During this era, he created a large number of works of famous Dominicans and acquired an interest in architecture. His painting, Vista panorámica de Santo Domingo (1893), won the gold medal at a contest held by the Dominican Academy.
He traveled throughout the Caribbean, visiting Haiti, Cuba, Jamaica and Puerto Rico until he finally settled in Cayey, the town where he was born, in 1907. That same year, the government paid for him to travel to Italy, where he visited the main artistic centers to study classical art. He returned to Puerto Rico in 1909 and completed a correspondence degree in architecture. Later, in 1928, he became a licensed engineer, architect, and land surveyor, the professions through which he earned his living.

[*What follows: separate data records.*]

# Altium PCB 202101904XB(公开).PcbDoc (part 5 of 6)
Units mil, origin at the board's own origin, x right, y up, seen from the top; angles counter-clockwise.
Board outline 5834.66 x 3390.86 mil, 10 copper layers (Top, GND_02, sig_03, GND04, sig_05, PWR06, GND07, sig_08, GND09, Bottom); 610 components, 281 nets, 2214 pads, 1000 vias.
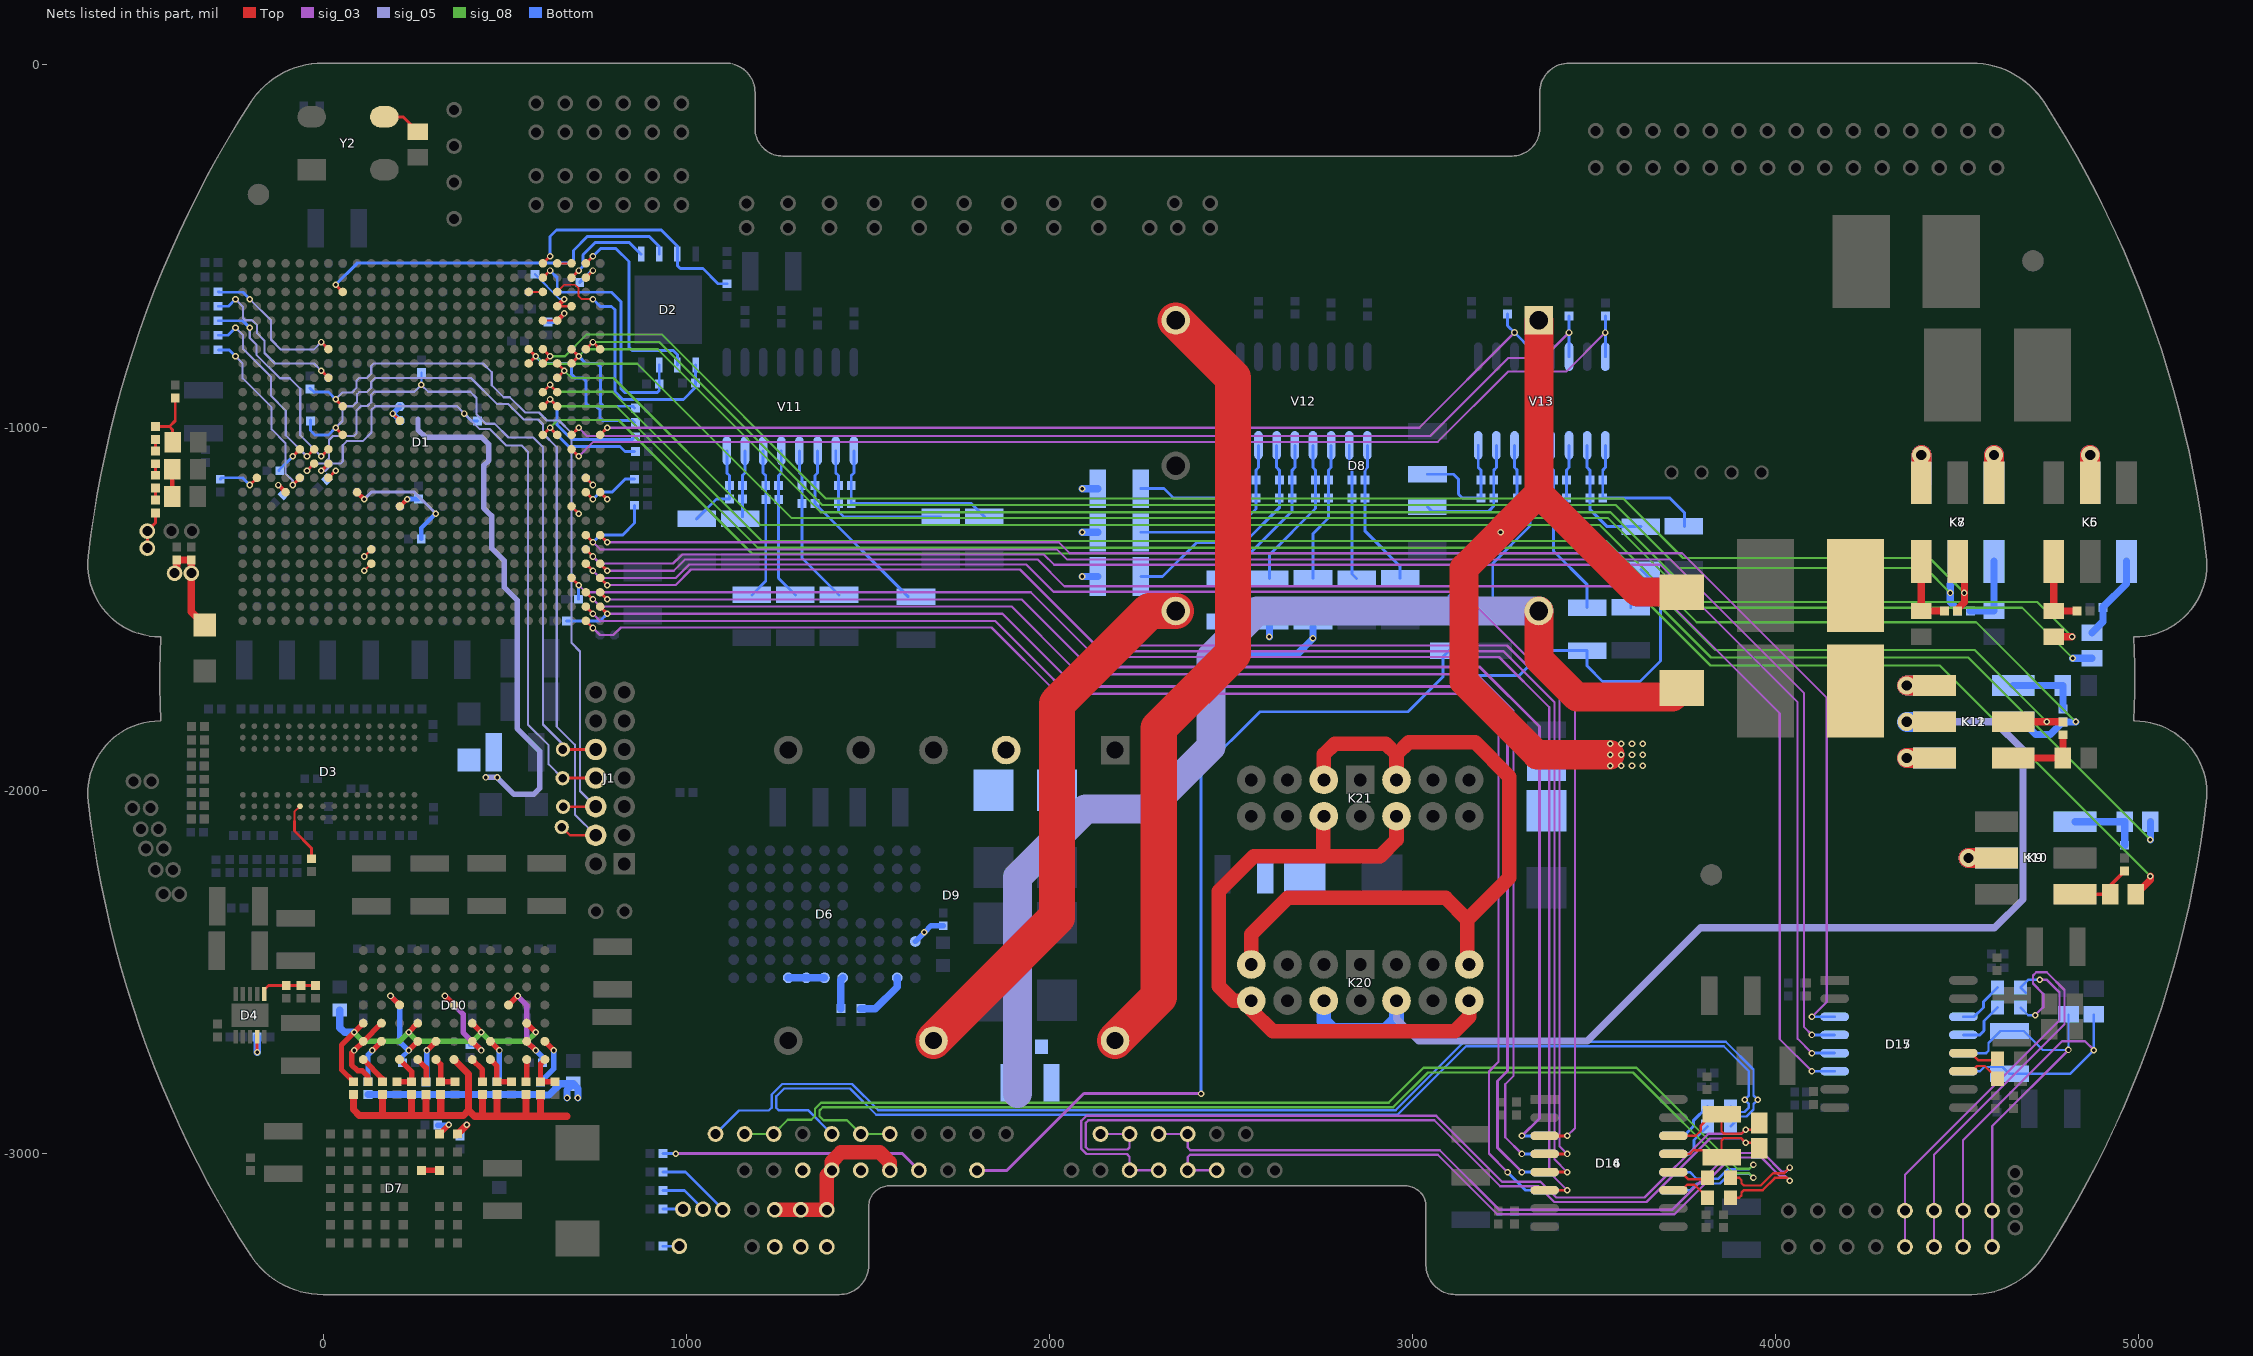
[diagram p13: the nets of this part, all layers, seen from the top]

## Via types
v1: diameter 18, hole 10, Top to Bottom, tented both sides, 880 vias
v2: diameter 16, hole 8, Top to Bottom, tented both sides, 91 vias
v3: diameter 50, hole 28, Top to Bottom, tented both sides, 22 vias
v4: diameter 24, hole 12, Top to Bottom, tented both sides, 5 vias
v5: diameter 40, hole 40, Top to Bottom, 2 vias

## Nets (pads, with @x,y where several pads share a name; then routed paths per layer and width w, separated by ;. In a path a pad name is that pad's centre, name@x,y a point inside that pad or via, vN(x,y) a via of type N, cw(c..) or ccw(c..) an arc to the next point about the centre after c; other vN are vias at no path point) (continued)
JS1-H1: D1.G21 D1.H21 R55.2 R219.1 | length 5094.3
  Top w8: D1.H21@565.86,-824.6 v1(585.54,-804.91) D1.G21@565.86,-785.23
  sig_08 w6: v1(585.54,-804.91) 606.05,-825.42 865.42,-825.42 1290.42,-1250.42 3538.33,-1250.42 3785.33,-1497.42 4678.18,-1497.42 v1(4817.33,-1636.57)
  Bottom w8: v1(585.54,-804.91) 605.05,-824.42 675.33,-824.42 684.33,-833.42 684.33,-854.42 694.33,-864.42 715.33,-864.42 723.33,-872.42 723.33,-934.42 731.33,-942.42 752.33,-942.42 762.33,-952.42 762.33,-974.42 769.33,-981.42 851.81,-981.42 R219.1@857.62,-987.23
  Bottom w20: v1(4817.33,-1636.57) R55.2@4870.58,-1636.57
JS1-H2: D1.G24 D1.H24 R56.1 R222.1 | length 4825.6
  Top w8: D1.H24@683.97,-824.6 v1(703.65,-804.92) D1.G24@683.97,-785.23
  Top w20: R56.1@4765.58,-1577 v1(4815.58,-1577)
  sig_08 w6: v1(703.65,-804.92) 723.15,-785.42 921.42,-785.42 1370.42,-1234.42 3544.96,-1234.42 3791.96,-1481.42 4720,-1481.42 v1(4815.58,-1577)
  Bottom w8: v1(703.65,-804.92) 723.15,-824.42 755.33,-824.42 763.33,-832.42 763.33,-933.42 772.33,-942.42 852.81,-942.42 R222.1@857.62,-947.23
JS1-L1: C157.2 D1.G25 D1.G26 K7.2 | length 4233.1
  Top w8: D1.G25@723.34,-785.23 v1(743.02,-765.55) D1.G26@762.71,-785.23
  sig_08 w6: v1(743.02,-765.55) 925.55,-765.55 1374.42,-1214.42 3559.58,-1214.42 3732.98,-1387.82 4411.98,-1387.82 v1(4480.58,-1456.42)
  Bottom w20: C157.2@4500.58,-1505.71 C157.2@4500.16,-1506.14 4500.15,-1501.14 4480.58,-1481.57 v1(4480.58,-1456.42) 4480.58,-1432.16 4500.58,-1412.16 K7.2@4500.58,-1369.41
JS1-L2: C158.2 D1.G22 D1.H22 K8.2 | length 4423.1
  Top w8: D1.H22@605.23,-824.6 v1(624.91,-804.91) D1.G22@605.23,-785.23
  Top w20: C158.2@4500.58,-1505.71 C158.2@4500.16,-1506.14 4500.15,-1501.14 4519.33,-1481.96 v1(4519.33,-1456.42) 4519.33,-1420.42 4500.58,-1401.67 K8.2@4500.58,-1369.41
  sig_08 w6: v1(624.91,-804.91) 665.84,-804.91 726.33,-744.42 932.42,-744.42 1384.42,-1196.42 3580.33,-1196.42 3744.33,-1360.42 4423.33,-1360.42 v1(4519.33,-1456.42)
JS2: K11.5 K12.5 K20.30 K20.40 R253.2 R254.2 | length 3131.1
  sig_05 w20: K20.30@2955.58,-2579.37 2955.58,-2628.58 3017,-2690 3481,-2690 3792.58,-2378.42 4602.33,-2378.42 4680.33,-2300.42 4680.33,-1888.42 4603.05,-1811.14 v3(4360.58,-1811.14)
  Bottom w40: K20.40@2755.58,-2579.37 2755.58,-2635.42 2780.58,-2660.42 2925.58,-2660.42 2955.58,-2630.42 K20.30@2955.58,-2579.37
  Bottom w55: v3(4360.58,-1811.14) K11.5@4437.32,-1811.14
JS2-H1: D1.L22 D1.L23 R59.2 R220.1 | length 5325.6
  Top w8: D1.L22@605.23,-942.71 v1(624.91,-923.03) ; v1(624.91,-923.03) D1.L23@644.6,-942.71
  sig_08 w6: v1(624.91,-923.03) 644.3,-942.42 807.42,-942.42 1197,-1332 3518.9,-1332 3821.27,-1634.37 4529.67,-1634.37 v1(5031.45,-2136.14)
  Bottom w8: v1(624.91,-923.03) 644.33,-942.45 644.33,-993.42 684.33,-1033.42 851.43,-1033.42 R220.1@857.62,-1027.23
  Bottom w20: v1(5031.45,-2136.14) R59.2@5031.46,-2086.14
JS2-H2: D1.N22 D1.N23 R60.1 R223.1 | length 5317.4
  Top w8: D1.N22@605.23,-1021.45 v1(624.91,-1001.77) ; v1(624.91,-1001.77) D1.N23@644.6,-1021.45
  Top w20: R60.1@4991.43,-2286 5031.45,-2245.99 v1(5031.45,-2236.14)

Despite living during a time of new artistic movements, Frade did not identify with them. Like other Puerto Rican artists of the era, he cultivated the local, traditional style that tried to capture the reality of the island in that era, which was seen as threatened by Americanization and development, which is why he preferred to paint personalities and landscapes. His emblematic work, El pan nuestro (1905), presents the image of the rural Puerto Rican, the “jíbaro.” However, he did incorporate modern trends, such as impressionism and pointillism, into some of his paintings.
Among his best known works are Idilio (1942), Mujer en la playa (1944), Los alrededores de Cayey (1947) and La planchadora (1948). After his death in 1954, his works remained in the possession of his widow Reparada Ortiz, who donated them to the University of Puerto Rico.
Gran Enciclopedia de Puerto Rico.
Del Rosario, Rubén. Breve Enciclopedia de la Cultura Puertorriqueña. Hato Rey: Ediciones Cordillera, 1976.
Tránsitos y transiciones, catálogo de la exposición del mismo nombre, Museo de Arte Dr. Pío López Martínez (marzo 2008-febrero 2009).
Author: Grupo Editorial EPRL
Published: September 03, 2014.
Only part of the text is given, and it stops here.